◆ What the exercise asks ◆
The records below are to be transcribed exactly from their first line to the line that has "doc.styles.add('STU25', font='isocp2.shx')", inclusive, with every picture omitted.

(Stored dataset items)
------------------------------------------------

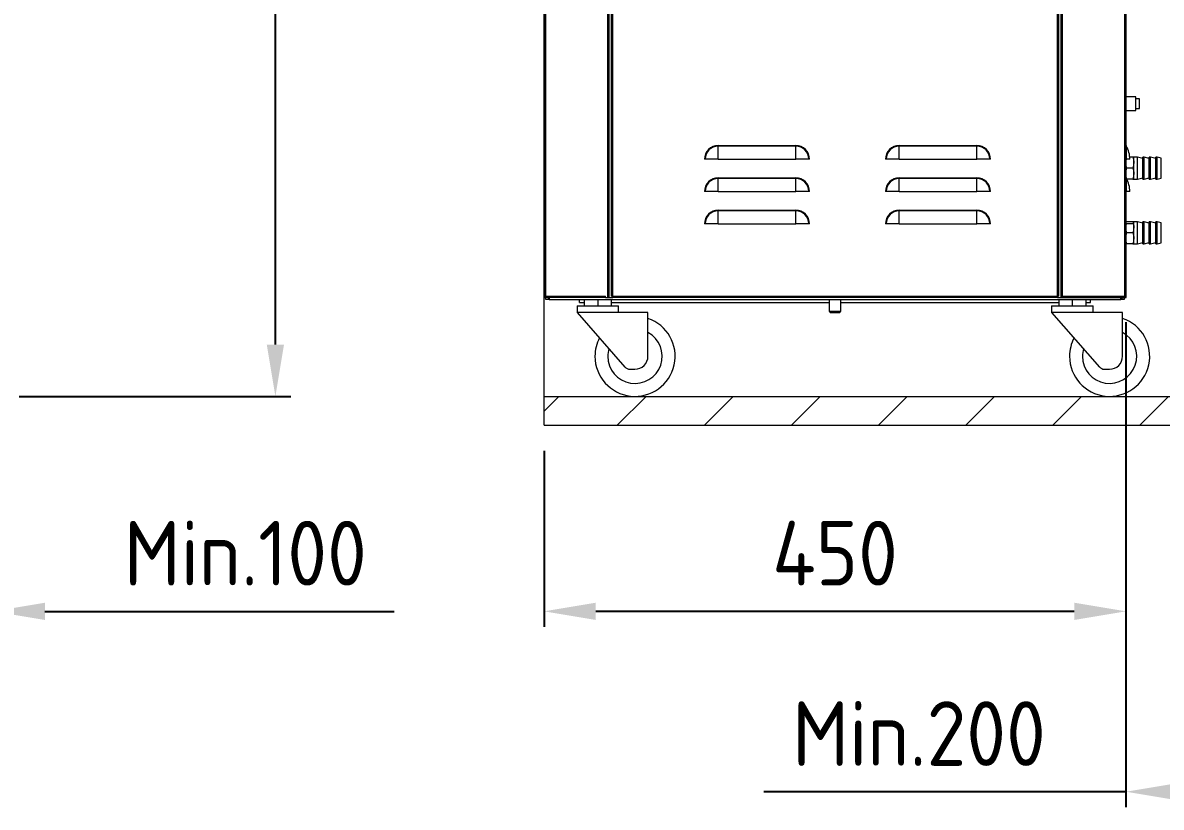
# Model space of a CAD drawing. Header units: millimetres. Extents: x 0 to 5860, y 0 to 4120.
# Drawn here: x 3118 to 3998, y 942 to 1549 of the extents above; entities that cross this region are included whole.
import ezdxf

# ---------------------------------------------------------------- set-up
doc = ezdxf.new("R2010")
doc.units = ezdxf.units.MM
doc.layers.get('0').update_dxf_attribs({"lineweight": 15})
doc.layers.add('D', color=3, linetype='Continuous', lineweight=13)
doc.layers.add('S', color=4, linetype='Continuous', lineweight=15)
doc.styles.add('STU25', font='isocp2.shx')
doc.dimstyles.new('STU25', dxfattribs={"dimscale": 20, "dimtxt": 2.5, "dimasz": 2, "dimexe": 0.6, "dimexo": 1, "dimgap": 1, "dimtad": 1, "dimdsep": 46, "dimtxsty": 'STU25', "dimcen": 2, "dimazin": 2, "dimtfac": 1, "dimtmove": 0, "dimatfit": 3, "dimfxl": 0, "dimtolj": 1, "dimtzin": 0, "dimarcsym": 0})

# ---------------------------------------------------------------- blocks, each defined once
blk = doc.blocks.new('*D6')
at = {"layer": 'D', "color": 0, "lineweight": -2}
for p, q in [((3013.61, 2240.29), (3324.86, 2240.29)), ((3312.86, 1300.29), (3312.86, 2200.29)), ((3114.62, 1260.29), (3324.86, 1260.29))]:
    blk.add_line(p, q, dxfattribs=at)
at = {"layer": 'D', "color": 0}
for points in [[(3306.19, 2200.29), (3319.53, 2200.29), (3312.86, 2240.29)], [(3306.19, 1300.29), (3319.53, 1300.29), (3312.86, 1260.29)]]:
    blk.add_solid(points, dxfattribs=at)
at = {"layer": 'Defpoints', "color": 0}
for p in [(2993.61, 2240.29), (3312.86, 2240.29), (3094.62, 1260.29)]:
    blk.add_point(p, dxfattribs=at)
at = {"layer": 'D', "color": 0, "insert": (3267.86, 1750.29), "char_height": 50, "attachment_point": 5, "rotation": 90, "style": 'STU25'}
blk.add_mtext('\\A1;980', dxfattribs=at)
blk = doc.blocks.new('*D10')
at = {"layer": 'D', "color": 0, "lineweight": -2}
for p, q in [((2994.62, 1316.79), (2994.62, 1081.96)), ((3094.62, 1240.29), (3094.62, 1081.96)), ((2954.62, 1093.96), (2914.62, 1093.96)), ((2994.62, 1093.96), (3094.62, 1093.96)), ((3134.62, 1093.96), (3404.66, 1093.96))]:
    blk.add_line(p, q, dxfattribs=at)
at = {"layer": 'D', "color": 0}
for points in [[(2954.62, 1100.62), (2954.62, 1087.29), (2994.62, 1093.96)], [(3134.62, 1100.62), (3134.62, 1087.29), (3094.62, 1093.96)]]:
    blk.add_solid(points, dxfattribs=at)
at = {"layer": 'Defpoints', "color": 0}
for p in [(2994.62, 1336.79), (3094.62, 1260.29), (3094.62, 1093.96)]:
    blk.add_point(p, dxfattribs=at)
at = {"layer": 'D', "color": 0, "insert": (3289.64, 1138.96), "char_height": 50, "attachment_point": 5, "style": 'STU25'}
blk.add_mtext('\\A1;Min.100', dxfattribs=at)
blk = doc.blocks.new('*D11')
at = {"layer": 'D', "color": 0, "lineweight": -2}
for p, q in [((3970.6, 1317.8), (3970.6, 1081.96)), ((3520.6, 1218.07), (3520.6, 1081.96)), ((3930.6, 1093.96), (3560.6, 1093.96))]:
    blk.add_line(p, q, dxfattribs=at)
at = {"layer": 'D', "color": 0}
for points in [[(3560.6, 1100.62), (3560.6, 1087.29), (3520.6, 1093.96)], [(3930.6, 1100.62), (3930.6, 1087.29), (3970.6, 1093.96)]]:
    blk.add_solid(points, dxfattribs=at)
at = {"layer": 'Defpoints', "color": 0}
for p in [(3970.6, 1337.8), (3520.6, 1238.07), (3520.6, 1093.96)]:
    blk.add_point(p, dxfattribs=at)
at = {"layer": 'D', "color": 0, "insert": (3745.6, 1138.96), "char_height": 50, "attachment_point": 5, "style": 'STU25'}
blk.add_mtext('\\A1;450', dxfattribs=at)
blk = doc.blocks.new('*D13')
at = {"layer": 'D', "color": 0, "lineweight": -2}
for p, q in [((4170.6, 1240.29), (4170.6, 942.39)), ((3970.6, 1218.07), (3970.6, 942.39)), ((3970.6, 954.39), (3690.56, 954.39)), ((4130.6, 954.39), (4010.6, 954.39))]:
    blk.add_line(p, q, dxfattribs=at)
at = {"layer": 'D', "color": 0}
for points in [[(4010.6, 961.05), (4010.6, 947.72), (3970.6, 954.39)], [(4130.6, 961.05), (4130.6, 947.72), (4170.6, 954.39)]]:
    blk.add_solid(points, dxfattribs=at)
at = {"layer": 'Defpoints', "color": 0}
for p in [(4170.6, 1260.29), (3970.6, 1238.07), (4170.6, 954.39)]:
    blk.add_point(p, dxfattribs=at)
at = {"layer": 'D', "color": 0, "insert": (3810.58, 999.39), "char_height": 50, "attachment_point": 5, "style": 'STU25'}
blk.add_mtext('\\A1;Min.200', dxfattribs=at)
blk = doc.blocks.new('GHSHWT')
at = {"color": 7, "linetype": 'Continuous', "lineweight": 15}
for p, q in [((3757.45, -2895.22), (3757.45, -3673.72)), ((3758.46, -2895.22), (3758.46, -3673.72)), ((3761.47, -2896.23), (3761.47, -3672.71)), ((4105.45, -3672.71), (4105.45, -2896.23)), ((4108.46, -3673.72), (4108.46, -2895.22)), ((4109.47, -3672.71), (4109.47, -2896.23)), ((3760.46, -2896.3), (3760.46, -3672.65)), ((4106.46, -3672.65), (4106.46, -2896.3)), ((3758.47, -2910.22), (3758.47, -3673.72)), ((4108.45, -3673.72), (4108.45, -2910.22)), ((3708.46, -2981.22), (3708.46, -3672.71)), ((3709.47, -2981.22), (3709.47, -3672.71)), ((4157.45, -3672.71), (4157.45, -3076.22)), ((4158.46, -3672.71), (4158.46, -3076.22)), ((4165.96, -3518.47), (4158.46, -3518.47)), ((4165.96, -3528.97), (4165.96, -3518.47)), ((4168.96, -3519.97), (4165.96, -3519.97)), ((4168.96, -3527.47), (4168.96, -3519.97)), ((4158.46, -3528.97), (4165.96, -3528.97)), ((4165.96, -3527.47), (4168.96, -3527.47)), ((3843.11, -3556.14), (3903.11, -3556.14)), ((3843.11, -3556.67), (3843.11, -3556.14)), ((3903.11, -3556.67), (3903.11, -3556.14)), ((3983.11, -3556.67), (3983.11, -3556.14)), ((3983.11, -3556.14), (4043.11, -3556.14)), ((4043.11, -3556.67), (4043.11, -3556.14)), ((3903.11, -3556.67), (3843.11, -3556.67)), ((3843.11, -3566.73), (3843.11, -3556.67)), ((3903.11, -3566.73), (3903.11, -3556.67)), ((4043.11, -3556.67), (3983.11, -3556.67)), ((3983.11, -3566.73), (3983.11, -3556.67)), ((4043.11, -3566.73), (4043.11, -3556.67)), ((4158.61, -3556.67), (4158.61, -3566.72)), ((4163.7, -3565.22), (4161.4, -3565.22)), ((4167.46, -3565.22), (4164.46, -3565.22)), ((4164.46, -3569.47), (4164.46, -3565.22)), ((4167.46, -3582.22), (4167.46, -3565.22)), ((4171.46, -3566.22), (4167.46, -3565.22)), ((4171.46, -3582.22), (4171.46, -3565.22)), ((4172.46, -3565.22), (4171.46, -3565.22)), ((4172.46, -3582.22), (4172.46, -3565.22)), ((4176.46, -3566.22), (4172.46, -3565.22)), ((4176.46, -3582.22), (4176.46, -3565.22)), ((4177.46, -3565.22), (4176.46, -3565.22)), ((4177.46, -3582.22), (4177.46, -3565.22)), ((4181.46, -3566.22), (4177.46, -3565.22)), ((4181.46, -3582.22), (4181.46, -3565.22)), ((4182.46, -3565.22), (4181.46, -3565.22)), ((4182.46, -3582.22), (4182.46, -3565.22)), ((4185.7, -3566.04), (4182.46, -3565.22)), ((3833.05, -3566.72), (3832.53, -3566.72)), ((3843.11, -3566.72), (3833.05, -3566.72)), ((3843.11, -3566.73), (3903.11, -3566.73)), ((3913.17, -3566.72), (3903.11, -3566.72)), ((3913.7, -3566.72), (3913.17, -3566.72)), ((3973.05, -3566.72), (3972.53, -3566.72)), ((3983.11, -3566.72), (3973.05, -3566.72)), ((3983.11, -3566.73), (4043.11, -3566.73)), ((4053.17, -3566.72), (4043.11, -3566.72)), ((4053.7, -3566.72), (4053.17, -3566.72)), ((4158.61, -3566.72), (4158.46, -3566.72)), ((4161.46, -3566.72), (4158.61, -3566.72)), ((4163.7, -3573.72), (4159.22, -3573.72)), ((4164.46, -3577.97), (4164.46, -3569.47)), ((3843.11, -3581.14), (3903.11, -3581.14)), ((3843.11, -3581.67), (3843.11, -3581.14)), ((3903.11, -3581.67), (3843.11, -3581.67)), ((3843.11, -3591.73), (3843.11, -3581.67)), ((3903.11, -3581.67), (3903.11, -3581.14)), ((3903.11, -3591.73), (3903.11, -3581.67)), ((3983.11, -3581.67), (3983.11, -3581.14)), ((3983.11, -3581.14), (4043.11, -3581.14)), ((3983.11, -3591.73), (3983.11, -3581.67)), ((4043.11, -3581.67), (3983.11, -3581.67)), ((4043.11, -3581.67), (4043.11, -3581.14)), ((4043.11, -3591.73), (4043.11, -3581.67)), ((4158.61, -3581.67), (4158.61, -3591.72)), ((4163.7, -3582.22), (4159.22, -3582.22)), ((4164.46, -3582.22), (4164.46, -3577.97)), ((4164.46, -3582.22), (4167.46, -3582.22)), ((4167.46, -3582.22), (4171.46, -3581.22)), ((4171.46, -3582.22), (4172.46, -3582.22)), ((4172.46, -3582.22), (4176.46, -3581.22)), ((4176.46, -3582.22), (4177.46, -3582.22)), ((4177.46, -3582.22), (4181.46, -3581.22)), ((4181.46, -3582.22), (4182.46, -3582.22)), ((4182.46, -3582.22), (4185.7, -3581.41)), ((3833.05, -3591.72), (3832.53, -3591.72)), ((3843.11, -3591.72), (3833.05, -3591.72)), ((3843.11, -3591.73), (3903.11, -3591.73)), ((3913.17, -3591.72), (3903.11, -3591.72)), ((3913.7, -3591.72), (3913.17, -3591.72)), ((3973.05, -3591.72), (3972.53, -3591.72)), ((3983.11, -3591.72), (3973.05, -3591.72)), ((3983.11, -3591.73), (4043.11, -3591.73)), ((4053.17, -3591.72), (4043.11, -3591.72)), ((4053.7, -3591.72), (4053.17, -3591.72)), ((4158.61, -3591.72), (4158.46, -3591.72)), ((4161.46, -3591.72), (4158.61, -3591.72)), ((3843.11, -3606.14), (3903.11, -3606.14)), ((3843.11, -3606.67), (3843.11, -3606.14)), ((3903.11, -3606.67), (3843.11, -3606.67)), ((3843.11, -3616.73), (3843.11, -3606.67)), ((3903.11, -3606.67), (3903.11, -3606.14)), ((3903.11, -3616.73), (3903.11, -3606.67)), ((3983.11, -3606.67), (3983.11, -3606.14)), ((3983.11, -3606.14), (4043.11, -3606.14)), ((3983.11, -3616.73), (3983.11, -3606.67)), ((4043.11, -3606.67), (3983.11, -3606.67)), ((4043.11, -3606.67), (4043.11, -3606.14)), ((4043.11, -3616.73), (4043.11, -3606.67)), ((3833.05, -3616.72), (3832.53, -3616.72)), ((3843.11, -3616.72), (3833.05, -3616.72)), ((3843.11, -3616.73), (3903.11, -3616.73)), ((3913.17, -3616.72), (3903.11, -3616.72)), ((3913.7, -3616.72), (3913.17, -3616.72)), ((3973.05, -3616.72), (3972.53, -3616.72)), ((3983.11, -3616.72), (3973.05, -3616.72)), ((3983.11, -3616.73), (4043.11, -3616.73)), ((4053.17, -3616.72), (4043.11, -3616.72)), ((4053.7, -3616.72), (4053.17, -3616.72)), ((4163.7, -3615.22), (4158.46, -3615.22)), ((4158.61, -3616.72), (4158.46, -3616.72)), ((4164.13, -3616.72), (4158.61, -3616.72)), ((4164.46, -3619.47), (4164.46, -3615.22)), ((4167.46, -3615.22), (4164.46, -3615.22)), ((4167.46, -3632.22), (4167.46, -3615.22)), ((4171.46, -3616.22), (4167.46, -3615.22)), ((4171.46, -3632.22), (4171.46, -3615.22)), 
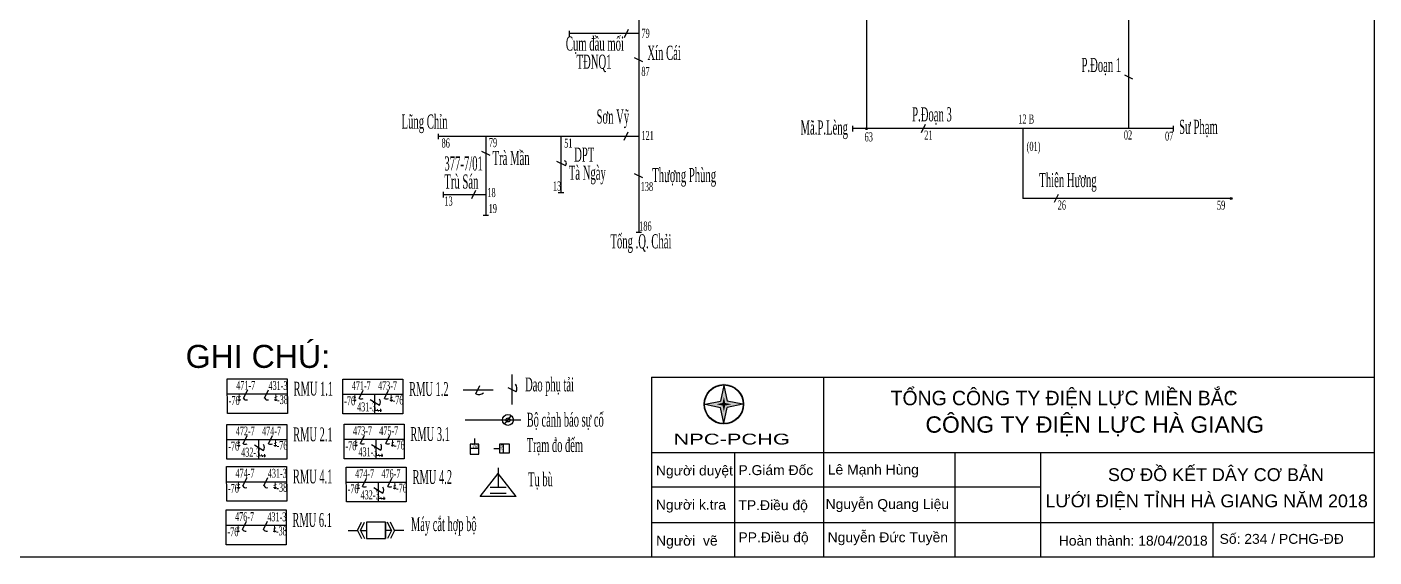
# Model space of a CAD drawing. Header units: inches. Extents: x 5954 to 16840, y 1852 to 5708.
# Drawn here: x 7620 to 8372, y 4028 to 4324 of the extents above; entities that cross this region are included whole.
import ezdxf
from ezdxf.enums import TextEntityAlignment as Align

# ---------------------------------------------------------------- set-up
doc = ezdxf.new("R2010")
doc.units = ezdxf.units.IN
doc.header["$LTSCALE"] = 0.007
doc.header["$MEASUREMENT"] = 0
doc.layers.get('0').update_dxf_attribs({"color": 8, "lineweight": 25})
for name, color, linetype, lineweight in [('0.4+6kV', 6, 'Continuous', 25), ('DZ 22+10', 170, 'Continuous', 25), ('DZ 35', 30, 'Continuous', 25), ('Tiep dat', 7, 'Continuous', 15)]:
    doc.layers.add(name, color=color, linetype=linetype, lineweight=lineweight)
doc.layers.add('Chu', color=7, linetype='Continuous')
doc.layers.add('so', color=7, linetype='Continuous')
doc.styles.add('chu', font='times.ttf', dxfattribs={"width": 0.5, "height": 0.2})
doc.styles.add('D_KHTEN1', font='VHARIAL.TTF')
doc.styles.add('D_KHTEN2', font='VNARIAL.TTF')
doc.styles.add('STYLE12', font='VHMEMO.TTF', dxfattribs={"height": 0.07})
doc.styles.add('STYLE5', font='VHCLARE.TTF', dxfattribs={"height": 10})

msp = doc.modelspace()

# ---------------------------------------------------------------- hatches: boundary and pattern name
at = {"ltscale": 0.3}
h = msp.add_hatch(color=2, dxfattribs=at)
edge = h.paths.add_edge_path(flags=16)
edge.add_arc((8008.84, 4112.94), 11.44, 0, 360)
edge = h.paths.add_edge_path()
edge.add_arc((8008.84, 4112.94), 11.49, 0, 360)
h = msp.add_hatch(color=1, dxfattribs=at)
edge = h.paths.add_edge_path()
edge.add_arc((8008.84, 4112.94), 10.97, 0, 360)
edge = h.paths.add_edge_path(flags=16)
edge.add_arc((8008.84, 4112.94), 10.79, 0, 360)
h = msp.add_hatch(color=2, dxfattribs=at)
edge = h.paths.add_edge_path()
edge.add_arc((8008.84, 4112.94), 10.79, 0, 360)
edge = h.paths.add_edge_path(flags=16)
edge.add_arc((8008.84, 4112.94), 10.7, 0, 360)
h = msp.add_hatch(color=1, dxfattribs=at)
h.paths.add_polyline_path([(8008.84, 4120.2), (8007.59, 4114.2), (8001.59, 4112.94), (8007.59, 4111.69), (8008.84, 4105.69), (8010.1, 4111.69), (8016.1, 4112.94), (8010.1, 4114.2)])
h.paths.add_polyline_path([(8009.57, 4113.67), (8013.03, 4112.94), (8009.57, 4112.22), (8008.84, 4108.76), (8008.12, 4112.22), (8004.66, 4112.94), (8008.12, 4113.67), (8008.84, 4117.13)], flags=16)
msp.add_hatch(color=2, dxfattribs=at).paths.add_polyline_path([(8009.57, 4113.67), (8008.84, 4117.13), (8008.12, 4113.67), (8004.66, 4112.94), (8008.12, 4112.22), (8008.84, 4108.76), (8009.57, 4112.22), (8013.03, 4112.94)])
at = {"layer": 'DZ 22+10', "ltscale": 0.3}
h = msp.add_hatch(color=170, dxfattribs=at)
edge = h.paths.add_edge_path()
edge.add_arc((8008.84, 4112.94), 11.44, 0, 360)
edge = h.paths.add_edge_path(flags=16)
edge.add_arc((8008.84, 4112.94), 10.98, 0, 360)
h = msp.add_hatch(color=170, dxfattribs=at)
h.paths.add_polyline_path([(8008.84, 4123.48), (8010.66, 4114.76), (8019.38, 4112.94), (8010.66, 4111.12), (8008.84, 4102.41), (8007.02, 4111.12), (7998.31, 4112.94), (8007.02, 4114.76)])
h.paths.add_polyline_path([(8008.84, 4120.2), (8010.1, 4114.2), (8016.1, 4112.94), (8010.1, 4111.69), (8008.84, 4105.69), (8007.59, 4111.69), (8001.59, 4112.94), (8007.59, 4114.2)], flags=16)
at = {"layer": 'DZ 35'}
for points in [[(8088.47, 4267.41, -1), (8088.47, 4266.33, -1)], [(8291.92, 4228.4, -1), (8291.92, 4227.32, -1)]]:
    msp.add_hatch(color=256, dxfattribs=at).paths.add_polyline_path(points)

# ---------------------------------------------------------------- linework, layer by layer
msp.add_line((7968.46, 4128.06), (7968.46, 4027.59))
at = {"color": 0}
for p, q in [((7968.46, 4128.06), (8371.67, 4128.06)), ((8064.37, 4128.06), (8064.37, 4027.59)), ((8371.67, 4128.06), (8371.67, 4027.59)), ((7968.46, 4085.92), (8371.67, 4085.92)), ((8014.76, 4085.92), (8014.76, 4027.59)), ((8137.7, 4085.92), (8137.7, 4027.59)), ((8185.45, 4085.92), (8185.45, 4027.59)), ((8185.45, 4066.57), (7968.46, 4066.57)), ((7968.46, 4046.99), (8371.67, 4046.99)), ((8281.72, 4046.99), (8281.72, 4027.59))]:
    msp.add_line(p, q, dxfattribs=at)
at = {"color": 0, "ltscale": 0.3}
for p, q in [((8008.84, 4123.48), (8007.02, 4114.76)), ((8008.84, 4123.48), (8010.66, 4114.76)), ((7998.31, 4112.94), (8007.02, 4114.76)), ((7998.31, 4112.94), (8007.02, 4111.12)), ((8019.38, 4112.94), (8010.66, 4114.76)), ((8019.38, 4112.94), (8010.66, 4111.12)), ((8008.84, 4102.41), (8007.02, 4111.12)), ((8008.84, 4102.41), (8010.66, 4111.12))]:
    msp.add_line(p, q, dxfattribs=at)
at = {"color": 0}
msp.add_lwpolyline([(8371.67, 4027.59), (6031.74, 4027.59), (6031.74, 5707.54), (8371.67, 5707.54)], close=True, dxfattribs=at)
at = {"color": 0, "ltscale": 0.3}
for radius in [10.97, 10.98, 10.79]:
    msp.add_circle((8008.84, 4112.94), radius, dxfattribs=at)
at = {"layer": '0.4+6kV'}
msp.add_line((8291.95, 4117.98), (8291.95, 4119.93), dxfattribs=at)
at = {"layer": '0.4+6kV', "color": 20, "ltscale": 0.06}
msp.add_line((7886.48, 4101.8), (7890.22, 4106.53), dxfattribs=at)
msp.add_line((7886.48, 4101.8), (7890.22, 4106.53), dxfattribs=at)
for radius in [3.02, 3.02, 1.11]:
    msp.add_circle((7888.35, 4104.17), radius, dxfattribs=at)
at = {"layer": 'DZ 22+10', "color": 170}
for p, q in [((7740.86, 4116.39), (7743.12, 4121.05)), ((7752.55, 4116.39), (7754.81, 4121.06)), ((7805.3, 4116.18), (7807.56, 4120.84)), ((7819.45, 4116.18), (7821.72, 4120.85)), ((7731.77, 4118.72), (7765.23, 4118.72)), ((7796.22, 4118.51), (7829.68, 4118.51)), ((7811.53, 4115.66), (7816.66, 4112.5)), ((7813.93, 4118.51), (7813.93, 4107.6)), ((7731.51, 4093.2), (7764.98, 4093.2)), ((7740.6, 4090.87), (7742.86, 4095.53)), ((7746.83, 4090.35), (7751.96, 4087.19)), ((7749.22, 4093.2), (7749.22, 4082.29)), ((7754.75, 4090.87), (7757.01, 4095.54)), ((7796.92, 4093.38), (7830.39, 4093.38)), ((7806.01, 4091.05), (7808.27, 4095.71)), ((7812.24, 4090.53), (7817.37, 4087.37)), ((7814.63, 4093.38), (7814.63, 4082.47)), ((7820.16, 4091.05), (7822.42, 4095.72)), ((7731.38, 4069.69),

------------------------------------------------

◆ Response to the exercise ◆
# Model space of a CAD drawing. Header units: millimetres. Extents: x 0 to 5860, y 0 to 4120.
# Drawn here: x 3118 to 3998, y 942 to 1549 of the extents above; entities that cross this region are included whole.
import ezdxf

# ---------------------------------------------------------------- set-up
doc = ezdxf.new("R2010")
doc.units = ezdxf.units.MM
doc.layers.get('0').update_dxf_attribs({"lineweight": 15})
doc.layers.add('D', color=3, linetype='Continuous', lineweight=13)
doc.layers.add('S', color=4, linetype='Continuous', lineweight=15)
doc.styles.add('STU25', font='isocp2.shx')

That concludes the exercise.